**PROBLEM DETAILS**
Throughout the entries below, report every line where "material" is found.

**RECORD SET**

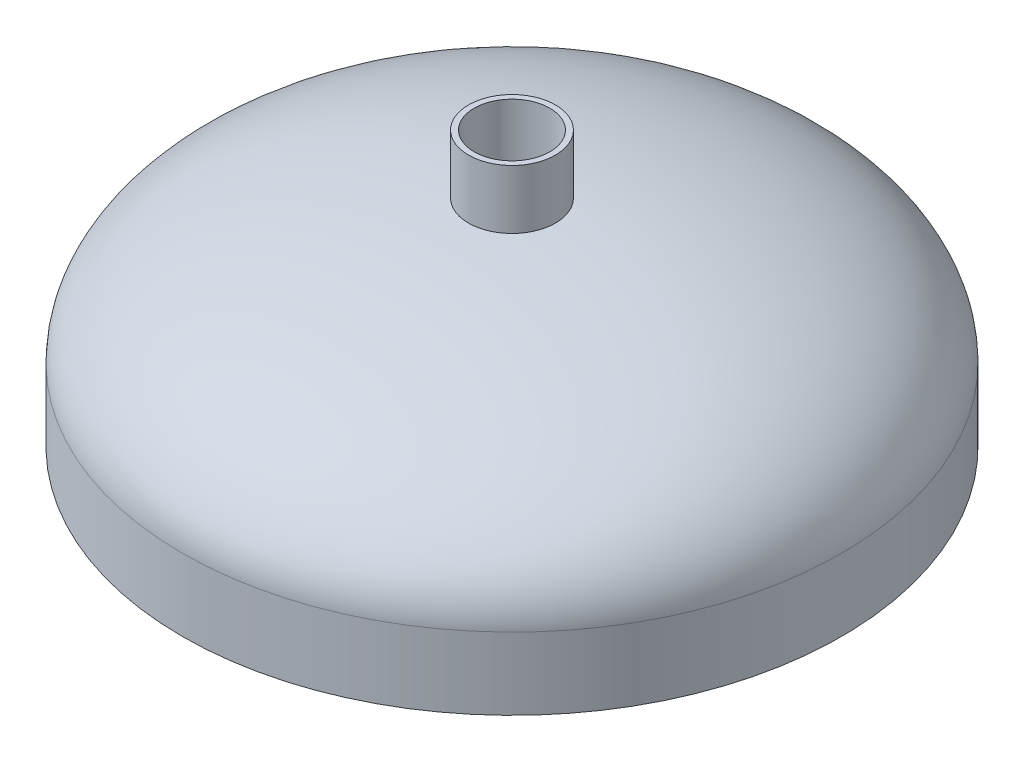
SolidWorks part; units mm, degrees
material "ASTM A36 Acero"
ref_plane "Alzado" through (0, 0, 0) normal (0, 0, 1) x (1, 0, 0)
ref_plane "Planta" through (0, 0, 0) normal (0, 1, 0) x (1, 0, 0)
ref_plane "Vista lateral" through (0, 0, 0) normal (1, 0, 0) x (0, 0, -1)
sketch "Croquis1" plane through (0, 0, 0) normal (0, 1, 0) x (1, 0, 0)
  circle A0 centre (0, 0) radius 228.6
  dimension "D1" = 457.2
extrude "Saliente-Extruir1" add sketch "Croquis1" along normal blind 50
dome "Cúpula1" faces to dome 1 distance 100 reverse direction no elliptical dome yes face at (0, 50, 228.6) parameters "D1"=100
shell "Vaciado1" thickness 9.525 removed face at (0, 0, 228.6)
ref_plane "Plano1" through (0, 150, 0) normal (0, 1, 0) x (1, 0, 0)
ref_plane "Plano2" through (0, 190, 0) normal (0, 1, 0) x (1, 0, 0)
sketch "Croquis3" plane through (0, 190, 0) normal (0, 1, 0) x (1, 0, 0)
  circle A0 centre (0, 0) radius 30.15
  dimension "D1" = 60.3
extrude "Saliente-Extruir2" add sketch "Croquis3" against normal blind 60
sketch "Croquis4" plane through (0, 190, 0) normal (0, 1, 0) x (1, 0, 0)
  circle A0 centre (0, 0) radius 26.24
  dimension "D1" = 52.48
extrude "Cortar-Extruir1" cut sketch "Croquis4" against normal up to next
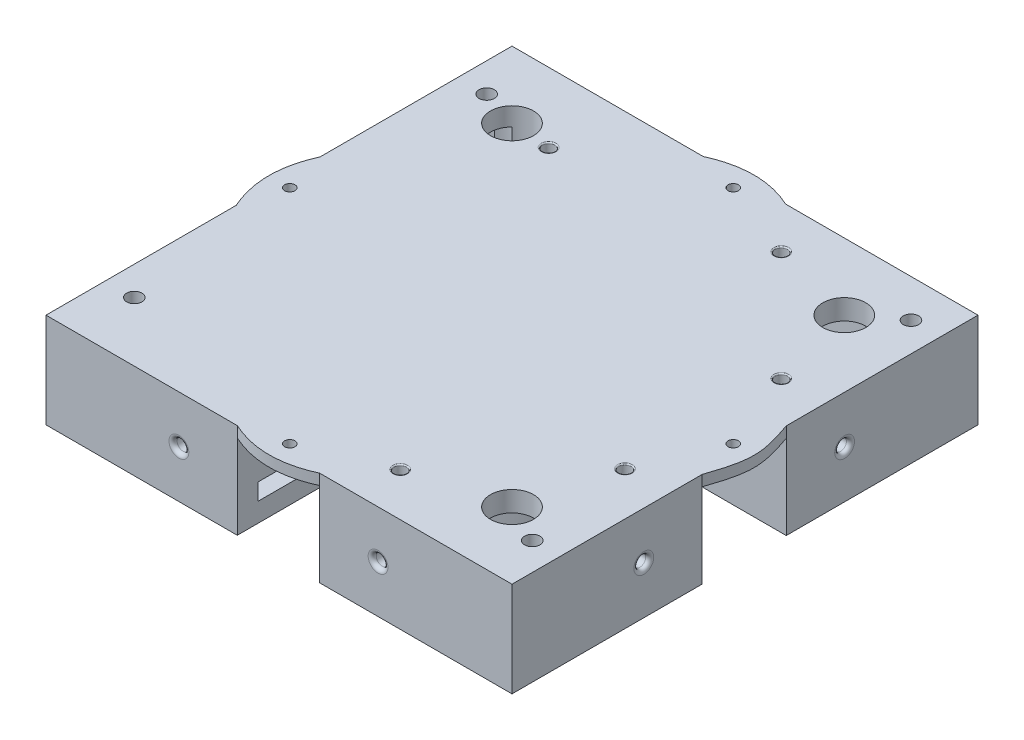
SolidWorks part; units mm, degrees
material "5052-H32"
ref_plane "Front Plane" through (0, 0, 0) normal (0, 0, 1) x (1, 0, 0)
ref_plane "Top Plane" through (0, 0, 0) normal (0, 1, 0) x (1, 0, 0)
ref_plane "Right Plane" through (0, 0, 0) normal (1, 0, 0) x (0, 0, -1)
sketch "Sketch1" plane through (6.2102, 0, 5.115) normal (0, 1, 0) x (1, 0, 0)
  line L1 (-55.0729, 54.0753) -> (42.5271, 54.0753)
  line L2 (-55.0729, 54.0753) -> (-55.0729, -43.5247)
  line L3 (-55.0729, -43.5247) -> (42.5271, -43.5247)
  line L4 (42.5271, 54.0753) -> (42.5271, -43.5247)
  dimension "D1" = 97.6
  dimension "D2" = 97.6
extrude "Boss-Extrude1" add sketch "Sketch1" along normal blind 19.9
sketch "Sketch2" plane through (6.2102, 19.9, 5.115) normal (0, 1, 0) x (1, 0, 0)
  line L0 (42.5271, -43.5247) -> (42.5271, 54.0753) construction
  line L1 (-55.0729, -43.5247) -> (42.5271, -43.5247) construction
  circle A0 centre (28.5271, -29.5247) radius 4.5
  dimension "D1" = 9
  dimension "D2" = 14
  dimension "D3" = 14
sketch "Sketch3" plane through (6.2102, 19.9, 5.115) normal (0, 1, 0) x (1, 0, 0)
  line L0 (42.5271, -43.5247) -> (42.5271, 54.0753) construction
  line L1 (42.5271, 54.0753) -> (-55.0729, 54.0753) construction
  line L2 (-55.0729, 54.0753) -> (-55.0729, -43.5247) construction
  circle A0 centre (28.5271, 40.0753) radius 4.5
  circle A1 centre (-41.0729, 40.0753) radius 4.5
  dimension "D1" = 9
  dimension "D2" = 14
  dimension "D3" = 14
  dimension "D4" = 9
  dimension "D5" = 14
  dimension "D6" = 14
sketch "Sketch5" plane through (6.2102, 19.9, 5.115) normal (0, 1, 0) x (1, 0, 0)
  line L1 (-55.0729, 54.0753) -> (-55.0729, -43.5247) construction
  line L3 (-55.0729, -43.5247) -> (42.5271, -43.5247) construction
  circle A0 centre (-6.2729, 5.2753) radius 50.775
  dimension "D1" = 48.8
  dimension "D2" = 48.8
extrude "Cut-Extrude3" cut sketch "Sketch2" against normal blind 19.9 contours A0
extrude "Cut-Extrude5" cut sketch "Sketch3" against normal blind 19.9
sketch "Sketch7" plane through (6.2102, 19.9, 5.115) normal (0, 1, 0) x (1, 0, 0)
  line L0 (42.5271, -43.5247) -> (42.5271, 54.0753) construction
  line L1 (42.5271, 54.0753) -> (-55.0729, 54.0753) construction
  line L2 (42.5271, -43.5247) -> (42.5271, 54.0753) construction
  line L3 (-55.0729, -43.5247) -> (42.5271, -43.5247) construction
  line L4 (42.5271, 54.0753) -> (-55.0729, 54.0753) construction
  line L5 (-55.0729, 54.0753) -> (-55.0729, -43.5247) construction
  line L6 (-55.0729, 54.0753) -> (-55.0729, -43.5247) construction
  line L7 (-55.0729, -43.5247) -> (42.5271, -43.5247) construction
  circle A0 centre (36.4271, 46.1353) radius 1.6
  circle A1 centre (36.7271, -33.4747) radius 1.6
  circle A2 centre (-49.0229, 42.7253) radius 1.6
  circle A3 centre (-49.0229, -31.0747) radius 1.6
  dimension "D1" = 6.1
  dimension "D2" = 7.94
  dimension "D3" = 5.8
  dimension "D4" = 10.05
  dimension "D5" = 11.35
  dimension "D6" = 6.05
  dimension "D7" = 6.05
  dimension "D8" = 12.45
extrude "Cut-Extrude6" cut sketch "Sketch7" against normal blind 19.9
sketch "Sketch9" plane through (6.2102, 19.9, 5.115) normal (0, 1, 0) x (1, 0, 0)
  line L0 (42.5271, -43.5247) -> (42.5271, 54.0753) construction
  line L1 (42.5271, 54.0753) -> (-55.0729, 54.0753) construction
  line L2 (42.5271, -43.5247) -> (42.5271, 54.0753) construction
  line L3 (-55.0729, -43.5247) -> (42.5271, -43.5247) construction
  line L4 (42.5271, 54.0753) -> (-55.0729, 54.0753) construction
  line L5 (-55.0729, 54.0753) -> (-55.0729, -43.5247) construction
  circle A0 centre (33.4271, 21.9753) radius 1.3
  circle A1 centre (33.4271, -10.7747) radius 1.3
  circle A2 centre (10.4271, 44.9753) radius 1.3
  circle A3 centre (10.0271, -34.4247) radius 1.3
  circle A4 centre (-32.8529, 39.5253) radius 1.3
  dimension "D1" = 9.1
  dimension "D2" = 32.1
  dimension "D3" = 9.1
  dimension "D5" = 9.1
  dimension "D7" = 32.5
  dimension "D9" = 14.55
  dimension "D4" = 32.75
  dimension "D6" = 32.1
  dimension "D8" = 9.1
  dimension "D10" = 22.22
extrude "Cut-Extrude12" cut sketch "Sketch9" against normal blind 19.9
fillet "Fillet2" radius 0.25 1 edges at (16.6373, 19.9, -38.5603)
fillet "Fillet3" radius 0.25 1 edges at (39.6373, 19.9, -15.5603)
fillet "Fillet5" radius 0.25 3 edges at (16.2373, 19.9, 40.8397) (39.6373, 19.9, 17.1897) (-26.6427, 19.9, -33.1103)
sketch "Sketch16" plane through (0, 19.9, 0) normal (0, 1, 0) x (1, 0, 0)
  line L0 (-48.8627, 8.8) -> (-48.8627, -8.8)
  line L1 (-48.8627, 48.9603) -> (-48.8627, -48.6397) construction
  line L2 (0, 35.791) -> (0, -31.7052) construction
  line L3 (-25.3041, 0.1603) -> (24.6208, 0.1603) construction
  line L4 (48.7373, -48.6397) -> (48.7373, 48.9603) construction
  line L5 (-8.8, 48.9603) -> (8.8, 48.8)
  line L6 (48.7373, 48.9603) -> (-48.8627, 48.9603) construction
  line L7 (-8.8, -48.6397) -> (8.8, -48.4794)
  line L8 (48.7373, 8.8) -> (48.7373, -8.8)
  circle A0 centre (-0.0627, 0.1603) radius 50.775 construction
  spline S0 degree 2 poles (-48.8627, -8.8) (-52.8139, 0.0154) (-48.8627, 8.8) knots 0 0 0 1 1 1
  spline S1 degree 3 poles (48.7373, 8.8) (49.7135, 5.9213) (51.7006, 0.0624) (49.7364, -5.8119) (48.7373, -8.8) knots 0 0 0 0 0.491329 1 1 1 1
  spline S2 degree 2 poles (-8.8, 48.9603) (0.029, 52.9893) (8.8, 48.8) knots 0 0 0 1 1 1
  spline S3 degree 2 poles (-8.8, -48.6397) (0.029, -52.6688) (8.8, -48.4794) knots 0 0 0 1 1 1
  point P4 (-50.8375, 0)
  point P14 (48.7373, 8.8)
  point P15 (48.7373, -8.8)
  point P17 (50.712, 0)
  point P22 (0, 50.9353)
  point P27 (0, -50.6147)
extrude "Boss-Extrude3" add sketch "Sketch16" against normal blind 2.25
sketch "Sketch17" plane through (0, 19.9, 0) normal (0, 1, 0) x (1, 0, 0)
  line L0 (0, 36.9512) -> (0, -38.1962) construction
  line L1 (-17.9287, 0) -> (21.0682, 0) construction
  circle A0 centre (46.44, 0) radius 1.085
  circle A1 centre (-46.44, 0) radius 1.085
  circle A2 centre (0, 46.44) radius 1.085
  circle A3 centre (0, -46.44) radius 1.085
extrude "Cut-Extrude13" cut sketch "Sketch17" against normal blind 19.9
sketch "Sketch18" plane through (0, 0, 0) normal (0, -1, 0) x (1, 0, 0)
  line L0 (48.7373, 48.6397) -> (48.7373, -48.9603) construction
  line L1 (-48.8627, -8.8) -> (48.7373, -8.8)
  line L2 (-48.8627, -8.8) -> (-48.8627, 8.8)
  line L3 (-48.8627, 8.8) -> (48.7373, 8.8)
  line L4 (48.7373, -8.8) -> (48.7373, 8.8)
  line L5 (48.7373, -8.8) -> (48.7373, 8.8) construction
  line L7 (-8.8, 48.6397) -> (8.4578, 48.6397)
  line L8 (-8.8, 48.6397) -> (-8.8, -48.9603)
  line L9 (-8.8, -48.9603) -> (8.4578, -48.9603)
  line L10 (8.4578, 48.6397) -> (8.4578, -48.9603)
  circle A0 centre (0, 0) radius 32.5
extrude "Cut-Extrude14" cut sketch "Sketch18" against normal blind 17.65 contours L1 L4 L3 L2
sketch "Sketch19" plane through (0, 0, 0) normal (0, -1, 0) x (1, 0, 0)
  line L1 (-8.8, 48.6397) -> (8.4578, 48.6397)
  line L2 (-8.8, 48.6397) -> (-8.8, -48.9603)
  line L3 (-8.8, -48.9603) -> (8.4578, -48.9603)
  line L4 (8.4578, 48.6397) -> (8.4578, -48.9603)
extrude "Cut-Extrude15" cut sketch "Sketch19" against normal blind 17.65
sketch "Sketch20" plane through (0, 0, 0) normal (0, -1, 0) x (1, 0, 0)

**ANSWER**
material "ASTM A36 Acero"
material "5052-H32"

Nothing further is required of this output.